In the next couple of years you’re going to see more—anniversaries of the passing of the Civil Rights Act and the Voting Rights Act. I especially hope they mark the passage of the Voting Rights Act as it’s being dismantled by the U.S. Supreme Court in the case that came down this year. I believe we’re taking steps back with regards to civil rights. In legislatures across this country, I believe they are suppressing the rights of minorities to vote with voter ID laws and things of that nature.
On Sept. 15, 1963, hate prevailed over everything as four innocent children were killed. Once that happened, I think so much of America’s consciousness woke up and said, “Oh my God--this is not just a question of culture anymore, it’s a question of hate.” When you remember those deaths and the bombing, what you really think back and do is remember the changes and the catalyst. I think it was one of the things that caused Congress to act and caused the American people to start changing their hearts and minds.

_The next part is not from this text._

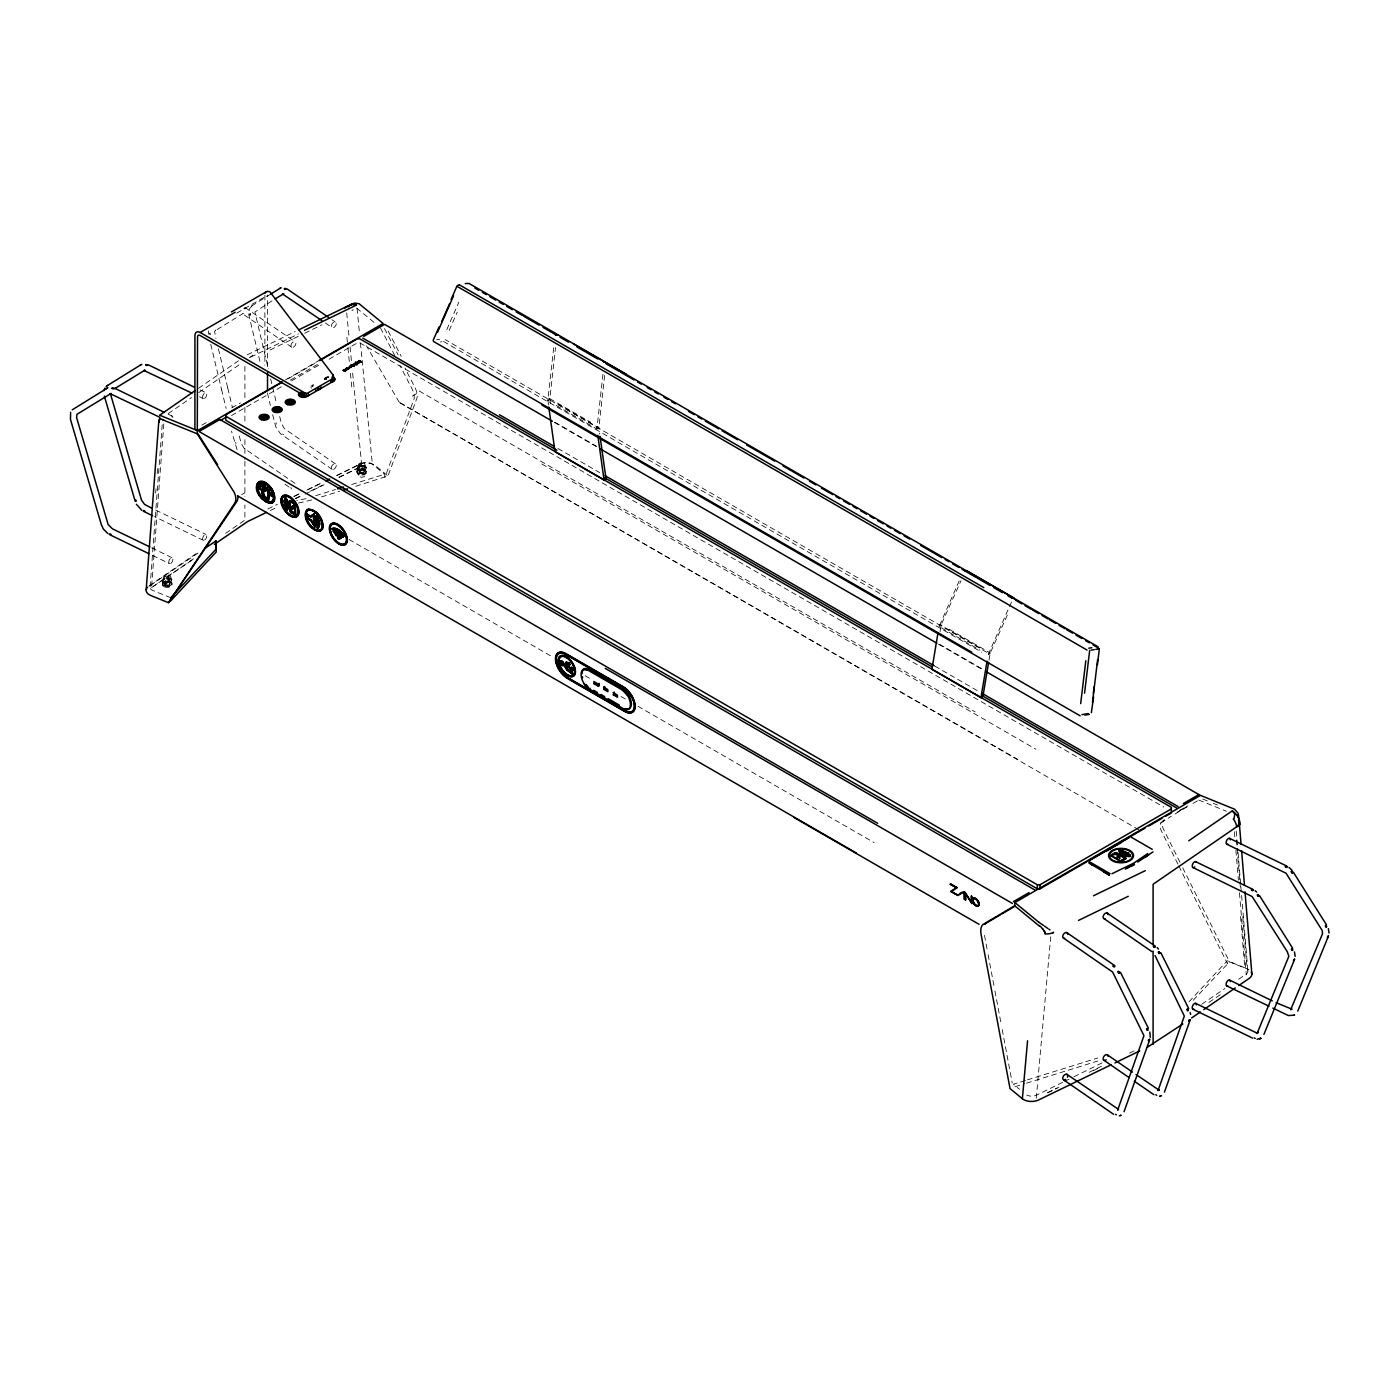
<?xml version="1.0" encoding="UTF-8"?>
<svg xmlns="http://www.w3.org/2000/svg" width="1399" height="1399" viewBox="0 0 1399 1399"><rect width="100%" height="100%" fill="white"/><g stroke="black" fill="none" stroke-linecap="round" stroke-linejoin="round"><path stroke-width="0.75" stroke-dasharray="5 3.75" d="M170.031 579.938A2.798 1.626 0 0 0 165.974 578.417A2.798 1.626 0 0 0 165.712 581.215A2.798 1.626 0 0 0 170.031 579.938L170.031 577.717A2.798 1.626 0 0 0 165.939 576.213A2.798 1.626 0 0 0 165.747 579.011A2.798 1.626 0 0 0 170.031 577.717M171.168 579.868C172.951 579.868 166.464 575.723 163.735 578.959M358.966 467.493L358.966 465.395M171.168 578.661C170.678 570.425 160.448 578.224 163.753 578.924M548.46 404.888L547.883 399.834L553.917 345.868M357.847 466.409L358.966 463.664L361.624 462.474L364.44 463.524L365.699 466.409L365.699 467.721L364.282 465.937L360.627 465.517L357.847 467.721L357.847 466.409L357.847 467.546M155.691 493.113L156.023 488.776M157.16 473.614L157.807 464.958M150.095 586.811L162.284 423.74M193.429 558.778L151.547 587.597L163.91 422.498M208.399 330.829L208.364 334.116M353.055 309.529L353.055 310.228A11.122 6.418 0 0 0 351.814 310.176M1036.257 1098.337L1050.736 936.77M164.767 585.202L168.177 585.551L170.066 584.275L168.072 582.876L164.925 583.453L164.89 580.025M165.065 585.167L163.106 586.111L164.557 585.481M550.419 403.751L549.807 399.1L555.543 347.547M604.63 375.457L598.859 427.814L596.901 428.951L603.004 373.76M989.006 660.101L990.247 652.948L1008.224 613.094M548.023 398.977L547.848 400.639M939.971 631.788L941.212 624.636L961.061 580.62M597.058 427.29L596.901 428.951L556.033 405.36M959.207 580.917L939.079 626.507L979.947 650.098M162.704 584.415A8.884 1.364 -83.7 0 0 163.158 583.383L163.613 578.539L163.158 579.588A8.884 1.364 -83.7 0 0 162.704 581.267L162.704 584.432A8.814 5.439 56.3 0 0 166.341 586.286A8.814 6.803 -31 0 0 170.888 585.377A8.884 1.364 -83.7 0 0 171.325 584.292L171.78 579.431A8.779 5.421 56.3 0 0 168.142 577.595A8.814 6.803 -31 0 0 163.596 578.486M939.359 624.916L939.079 626.507L941.037 625.37L981.906 648.961M355.731 486.275L387.978 475.975L416.937 398.155A11.559 4.722 63.3 0 0 414.646 386.841L404.923 368.059M446.771 329.639L458.802 302.236M449.201 330.479L457.228 312.204M1011.529 601.99L988.114 654.819L988.411 653.228L445.197 339.625M1160.785 822.997L1171.365 816.159M1188.975 1001.824L1227.255 960.746L1244.813 967.846A7.45 4.302 0 0 1 1246.317 974.036L1235.632 981.276M1193.242 1000.268L1229.529 961.83L1247.156 968.965A11.14 6.435 0 0 1 1248.887 969.839M164.75 583.575L164.627 584.765M251.383 306.311L252.03 305.786M251.837 306.136L249.337 308.899L248.742 314.565L260.074 362.061M1162.866 821.038L1163.916 820.146M359.351 471.218C358.022 473.317 362.656 473.946 364.02 472.722C366.188 468.21 355.381 473.596 359.421 467.756M198.536 388.292L238.512 360.802M168.212 413.597L191.558 397.543M198.745 392.594L241.87 362.971M249.267 357.759L252.747 355.363M148.749 586.198L197.696 552.553M225.676 533.316L244.912 520.096L244.912 504.952M198.081 553.042L151.704 584.467A7.45 4.302 0 0 0 150.375 585.936M151.547 587.597L194.496 558.481M1201.724 1004.255L1224.947 988.516M1208.893 1002.418L1221.432 993.92M251.628 306.031L270.619 294.122M272.071 300.837L254.95 311.977L268.241 368.881M399.17 402.178L366.433 345.798M1177.084 812.277L1187.926 805.894M1174.985 814.026L1187.629 806.576M1193.05 803.393L1198.471 800.193M236.781 313.096L267.839 295.154M201.858 425.121L206.842 422.253M231.709 407.896L240.418 402.877M285.431 379.898L319.164 360.417M287.809 378.989L317.853 361.642M290.362 380.108L319.444 363.303M231.482 415.573L282.178 386.299M291.569 380.878L321.613 363.53M329.132 359.193L357.287 342.93L359.91 342.93L1163.811 807.066M241.607 494.651L244.58 492.938M412.338 396.092L418.301 392.647M548.338 400.359L549.824 399.502M988.586 654.54L990.072 653.683M1179.497 810.493L1186.929 806.209M359.473 472.687L358.092 474.156L359.893 472.984M293.738 496.662L301.31 492.938M306.976 490.14L322.12 482.707M337.176 475.293L361.624 463.261A7.45 4.302 0 0 1 372.344 464.136L384.638 474.278L384.97 477.199L413.929 399.38A11.559 4.722 63.3 0 0 411.638 388.065L399.957 365.524M295.626 498.743L303.198 495.019M305.087 494.092L324.008 484.788M339.135 477.356L361.816 466.199L352.356 370.333M1062.663 1082.301L1036.397 1095.225A7.45 4.302 0 0 1 1026.674 1095.032M1064.552 1081.375L1070.235 1078.594M1074.012 1076.723L1102.395 1062.768M1047.536 1092.759L1058.886 1087.18M1089.139 1072.299L1102.395 1065.793M247.221 354.821L295.172 331.563M250.648 357.13L298.477 333.941M270.059 349.995L302.761 334.134M304.685 333.207L321.98 324.813M267.821 508.991L277.352 504.374M294.524 496.033L300.243 493.27M307.885 489.563L321.245 483.092M336.512 475.677L359.403 464.573A11.14 6.435 0 0 1 375.649 465.797L387.978 475.975M270.374 510.53L277.981 506.823M295.119 498.516L302.744 494.826M310.351 491.136L325.582 483.739M338.908 477.286L361.816 466.199M1047.676 1092.794L1057.207 1088.177M1093.371 1070.637L1099.089 1067.874M1129.553 1053.097L1135.271 1050.317M306.031 498.691L296.745 500.457M315.667 495.701L335.55 489.528M351.691 484.509L384.638 474.278M311.802 499.915L296.745 503.483M321.438 496.925L339.59 491.294M1025.38 1080.5L1013.383 1084.225L1019.521 1089.296M1027.391 1079.871L1097.76 1058.011M1014.974 1086.743L1024.593 1083.753M1026.534 1083.158L1097.76 1061.037M436.61 339.747L439.688 339.257M440.458 341.968L441.979 341.723M548.635 398.89L549.562 398.75M597.67 427.202L598.912 427.01M939.971 624.828L941.212 624.636M989.023 653.141L989.932 653.001M357.969 469.015L357.13 468.752A8.814 1.871 -81.2 0 1 358.371 466.024A8.779 6.925 -24.9 0 1 363.041 465.29A8.411 4.862 60 0 1 364.719 466.024A8.831 5.089 60 0 1 366.416 467.318L366.416 470.484A8.814 1.871 -81.2 0 1 365.174 473.212A8.814 6.96 -24.9 0 1 360.522 473.929A8.884 5.124 60 0 1 358.826 473.229L357.13 471.918L357.13 468.752A10.213 5.893 60.1 0 1 357.969 469.015L358.826 469.434M1202.72 799.056L1208.701 801.47M1213.3 803.341L1217.445 805.02M1198.733 800.053L1226.416 811.228M170.765 597.758L153.208 590.658A7.45 4.302 0 0 1 150.48 588.559M200.144 389.954L205.985 392.752M168.212 414.209L172.094 416.063M199.55 396.809L203.397 398.663M155.674 510.04L206.003 534.435M203.415 540.346L154.52 516.651M151.669 547.831L172.112 557.746M152.596 555.455L169.524 563.657M364.719 466.024C361.991 463.803 362.341 469.347 364.719 469.802A8.884 5.124 60 0 0 366.416 470.466M245.105 307.623L294.979 341.653M549.859 398.698L590.728 422.288M949.379 629.358L990.247 652.948M557.991 404.224L598.859 427.814L599.751 434.197M443.518 341.496L981.748 652.231M554.983 422.271L596.464 446.211M939.533 644.292L982.885 669.317M554.266 422.323L596.324 446.613M938.467 644.135L983.147 670.034M557.939 448.502L599.681 472.6M934.934 666.169L980.174 692.278M419.193 390.986L975.086 711.934M541.815 463.961L1035.872 749.199M400.394 402.964L1017.965 759.517M1138.908 829.817L398.977 402.282M349.05 539.472L553.025 657.233M585.132 675.769L591.497 679.442M621.016 696.492L626.682 699.762M638.014 706.303L874.078 842.6M244.668 307.902L245.734 308.549M244.248 308.077L245.315 308.724M243.811 308.322L244.877 308.969M364.09 471.131L364.265 471.271A2.361 1.364 0 0 1 360.592 472.442A2.361 1.364 0 0 1 360.592 470.081A2.361 1.364 0 0 1 364.125 471.253L364.125 467.756A2.361 1.364 0 0 0 360.592 466.567A2.361 1.364 0 0 0 360.592 468.927A2.361 1.364 0 0 0 364.125 467.756M335.34 463.803L284.487 428.741L281.409 423.495L279.135 414.296M294.962 483.354L244.125 448.31L241.03 443.063L238.757 433.865M325.337 322.959L332.262 327.716M291.884 347.284L242.01 313.428L243.339 313.341L214.642 331.073L215.656 330.164L214.572 331.546L215.971 338.541M331.948 319.741L335.358 322.085M332.245 469.434L280.447 433.707L275.865 427.115L272.368 413.632M284.976 484.194L291.866 488.985A3.235 2.029 -55.5 0 1 290.94 487.377M356.605 308.025L375.299 323.414M282.668 434.022L283.56 434.704M237.061 449.656L231.5 431.119M388.135 331.003L401.251 356.36M384.498 328.608L398.12 354.909M380.511 327.961L395.095 356.133M1179.969 862.309L1163.461 829.152A11.559 7.03 46 0 1 1162.202 823.486M1182.732 867.835L1229.529 961.83M1177.871 864.057L1161.345 830.901A11.559 7.03 46 0 1 1162.324 821.475M1178.78 865.911L1227.43 963.579L1227.255 960.746M276.023 422.795L276.372 424.089M235.644 442.364L235.994 443.64M270.637 378.884L276.67 404.031M227.757 388.03L232.321 407.039M267.419 392.839L270.409 405.448M218.419 348.823L227.862 388.432M210.759 344.294L221.689 389.919M221.584 389.517L226.113 408.491M250.438 313.533L250.718 314.932M249.984 313.726L250.264 315.142M249.582 313.953L249.861 315.352M210.06 333.102L210.34 334.501M209.605 333.294L209.885 334.693M984.494 935.389L987.711 952.492M988.114 954.643L994.549 988.866M994.951 991.017L1001.387 1025.24M1002.191 1029.524L1012.229 1083.018M357.042 308.34L359.595 334.309M360.452 342.965L361.939 358.109M362.149 360.277L372.361 464.136M346.707 312.816L349.243 338.768M350.065 346.9L351.534 362.131M346.882 337.159L347.721 345.64M347.931 347.774L349.383 362.638M350.432 373.253L351.883 388.118M1236.261 831.146L1237.87 850.4M1238.045 852.551L1240.703 884.64M1240.896 886.774L1247.891 970.801M1236.419 840.03L1236.943 846.325M1237.118 848.406L1239.776 880.268M1239.916 881.965L1240.441 888.33M1242.802 916.555L1247.156 968.965M1234.373 831.775L1234.897 838.088M1235.894 850.295L1238.395 880.181M1239.462 892.807L1246.282 974.876M1240.528 916.38L1244.813 967.846M164.435 577.577L164.435 579.763M366.643 471.568A4.879 2.815 0 0 1 359.246 473.911A4.879 2.815 0 0 1 359.421 469.032A4.879 2.815 0 0 1 366.643 471.568L366.643 472.355A4.879 2.815 0 0 1 359.246 474.716A4.879 2.815 0 0 1 359.421 469.837A4.879 2.815 0 0 1 366.643 472.355M366.416 467.249A8.779 1.854 -81.2 0 0 365.174 469.977L365.174 473.159M364.579 465.272L364.579 467.598A2.798 1.626 0 0 1 360.295 468.91A2.798 1.626 0 0 1 360.452 466.112A2.798 1.626 0 0 1 364.579 467.598M357.969 468.962A7.572 4.407 60.5 0 1 358.826 469.364A8.884 5.124 60 0 1 360.522 470.729L360.522 473.876M358.371 466.077L358.371 469.242A8.779 1.854 -81.2 0 1 357.13 472.005A8.411 4.844 60 0 0 358.826 473.212M326.054 378.884L326.054 379.461A3.655 2.116 0 0 1 328.852 377.31A3.707 2.133 0 0 0 326.002 379.461L326.002 378.884M324.603 379.356L324.603 379.426A5.089 2.938 0 0 1 328.678 376.488A5.089 2.938 0 0 0 324.638 379.566M267.506 366.835L267.506 296.605A3.707 2.133 60 0 1 267.699 295.574M264.883 295.102L264.883 365.314M244.912 366.381L244.912 398.872M244.912 407.354L244.912 422.69M244.912 439.688L244.912 459.484M244.912 461.268L244.912 496.295M171.325 580.463A8.411 1.294 -83.7 0 1 171.78 579.448L171.325 580.498A8.831 1.364 -83.7 0 0 170.87 582.176L170.87 585.324M169.594 580.113A2.361 1.364 0 0 1 165.991 581.215A2.361 1.364 0 0 1 166.131 578.871A2.361 1.364 0 0 1 169.594 580.113L169.594 583.61A2.361 1.364 0 0 1 165.991 584.73A2.361 1.364 0 0 1 166.131 582.369A2.361 1.364 0 0 1 169.594 583.61M168.142 577.63L168.142 580.795A8.814 5.439 56.3 0 0 171.797 582.666A10.195 1.574 -83.6 0 1 171.552 583.488M162.686 581.197A8.814 5.439 56.3 0 1 166.341 583.033L166.341 586.233M1162.901 821.248A11.559 7.03 46 0 1 1164.44 819.727M311.295 388.292A5.089 2.938 0 0 1 316.489 384.27M171.273 416.115A3.235 1.696 -64.2 0 1 172.881 417.584M360.522 470.676A8.814 6.96 -24.9 0 1 365.191 469.942M363.041 468.56A8.814 6.96 -24.9 0 1 358.354 469.295M363.845 469.242A10.195 5.893 60 0 1 363.023 468.525M364.719 469.889A7.555 4.407 60.5 0 1 363.845 469.295M163.158 579.851A8.639 1.277 -83.2 0 1 163.596 578.731M166.324 583.051A8.779 6.768 -31 0 1 170.888 582.089M168.16 580.812A8.779 6.785 -31 0 1 163.578 581.774A8.411 1.294 -83.7 0 1 163.158 583.4M171.552 583.208A7.555 1.119 -83.2 0 1 171.325 583.995M170.031 584.03L169.961 583.873A2.781 1.609 0 0 0 165.956 582.386A2.781 1.609 0 0 0 165.747 585.167A2.781 1.609 0 0 0 170.013 583.873L170.048 584.082M313.009 385.687A3.655 2.116 0 0 0 312.467 386.404A3.707 2.133 0 0 1 312.974 385.669M313.009 386.072A3.655 2.116 0 0 0 312.677 386.404A3.707 2.133 0 0 1 312.974 386.054M328.852 376.926A3.655 2.116 0 0 0 326.142 379.461A3.707 2.133 0 0 1 328.852 376.908M170.661 563.447A3.235 1.696 -64.2 0 0 172.689 558.271A3.235 1.696 -64.2 0 0 169.104 560.404A3.235 1.696 -64.2 0 0 170.661 563.447M204.534 398.453A3.235 1.696 -64.2 0 0 206.562 393.276A3.235 1.696 -64.2 0 0 202.96 395.392A3.235 1.696 -64.2 0 0 204.534 398.453M204.551 540.136A3.235 1.696 -64.2 0 0 206.58 534.96A3.235 1.696 -64.2 0 0 202.977 537.094A3.235 1.696 -64.2 0 0 204.551 540.136M293.248 347.197A3.235 2.029 -55.5 0 0 295.661 342.248A3.235 2.029 -55.5 0 0 291.377 343.979A3.235 2.029 -55.5 0 0 293.248 347.197M333.627 327.628A3.235 2.029 -55.5 0 0 336.04 322.679A3.235 2.029 -55.5 0 0 331.755 324.411A3.235 2.029 -55.5 0 0 333.627 327.628M333.609 469.347A3.235 2.029 -55.5 0 0 336.022 464.381A3.235 2.029 -55.5 0 0 331.738 466.112A3.235 2.029 -55.5 0 0 333.609 469.347M360.085 476.919A3.235 1.871 0 0 0 365.017 475.363A3.235 1.871 0 0 0 360.225 473.684A3.235 1.871 0 0 0 360.085 476.919M360.103 466.636A2.798 1.626 0 0 0 364.562 465.517A2.798 1.626 0 0 0 360.645 463.856A2.798 1.626 0 0 0 360.103 466.636M360.347 472.862A2.781 1.609 0 0 0 364.544 471.533A2.781 1.609 0 0 0 360.435 470.099A2.781 1.609 0 0 0 360.347 472.862M164.505 586.933A4.879 2.815 0 0 0 172.112 584.817A4.879 2.815 0 0 0 165.117 582.071A4.879 2.815 0 0 0 164.505 586.933M164.505 586.146A4.879 2.815 0 0 0 172.112 584.03A4.879 2.815 0 0 0 165.117 581.284A4.879 2.815 0 0 0 164.505 586.146"/><path stroke-width="1.5" d="M1119.777 855.786L1119.76 858.531L1118.92 856.975L1117.206 858.147L1117.206 855.384L1118.063 856.957L1119.777 855.961M356.36 364.352L356.762 363.338L356.797 364.3M568.501 663.336L569.306 664.595L569.043 663.143M357.899 362.761L358.809 362.201M1115.055 852.813L1125.985 858.304L1122.033 861.259M348.001 369.388L349.61 367.85L348.473 368.164M289.768 501.996C294.734 498.883 296.518 511.317 294.909 513.538M294.927 513.783L290.852 511.317L290.1 501.804M268.153 501.402L269.64 494.704A5.229 2.781 56.2 0 0 265.635 488.059A5.229 2.781 56.2 0 0 262.278 490.454L264.463 498.866L268.486 501.192L264.149 499.076C256.804 486.73 269.098 483.512 268.888 496.558M347.826 368.549C347.267 366.975 345.221 369.668 348.281 368.916M357.025 363.32L356.535 364.352M345.57 370.648L344.137 370.001M355.066 363.18L356.395 364.037M339.467 538.178C335.498 532.809 342.23 542.06 338.995 537.356M268.328 495.98C269.937 486.502 257.451 486.362 264.551 496.872L267.384 498.516L268.153 496.715M293.038 512.121L292.583 511.369M1150.258 1037.324L1149.838 1032.06M146.178 589.836L158.804 420.959M162.214 419.595A6.435 1.679 36.2 0 1 163.053 419.962L197.294 433.83L197.539 337.002A3.707 2.133 60 0 1 200.144 335.498L304.772 395.9A2.308 1.329 0 0 0 308.042 395.9L331.511 382.347A6.943 4.005 0 0 0 332.962 377.922M319.811 531.025C310.788 531.515 301.415 517.7 307.063 509.953M318.797 531.305C311.435 530.186 303.478 518.347 305.891 511.177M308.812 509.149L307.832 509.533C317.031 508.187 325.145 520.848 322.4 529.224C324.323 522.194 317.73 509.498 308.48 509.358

This week in Birmingham is called “Empowerment Week,” and it’s because we are not just focusing on the past but on the future. I think that speaks volumes about not just, look at what we’ve done, but what are we doing. We need to continue expanding whether it’s gay rights, rights for the elderly or the disabled. By looking at the mistakes made by society in the past, maybe we won’t make them again.
So where will you be on Sunday?
The U.S. Attorney General [Eric H. Holder Jr.] and I are friends. I’m looking forward to seeing him and his wife on Sunday. [Former Atlanta mayor and congressman] Andrew Young, [civil rights leader] the Rev. Joseph Lowery—it’s just an exciting time.
Initially I will probably go to the church services—the first one is going to truly be a church service; my wife and I will attend. At about 12:30 p.m. I have to do a C-SPAN show live from the Birmingham Civil Rights Institute, then at 3 p.m. Birmingham time will be the big memorial where Holder will speak and Young will speak, and then we’ll have the dedication of the statue of the girls.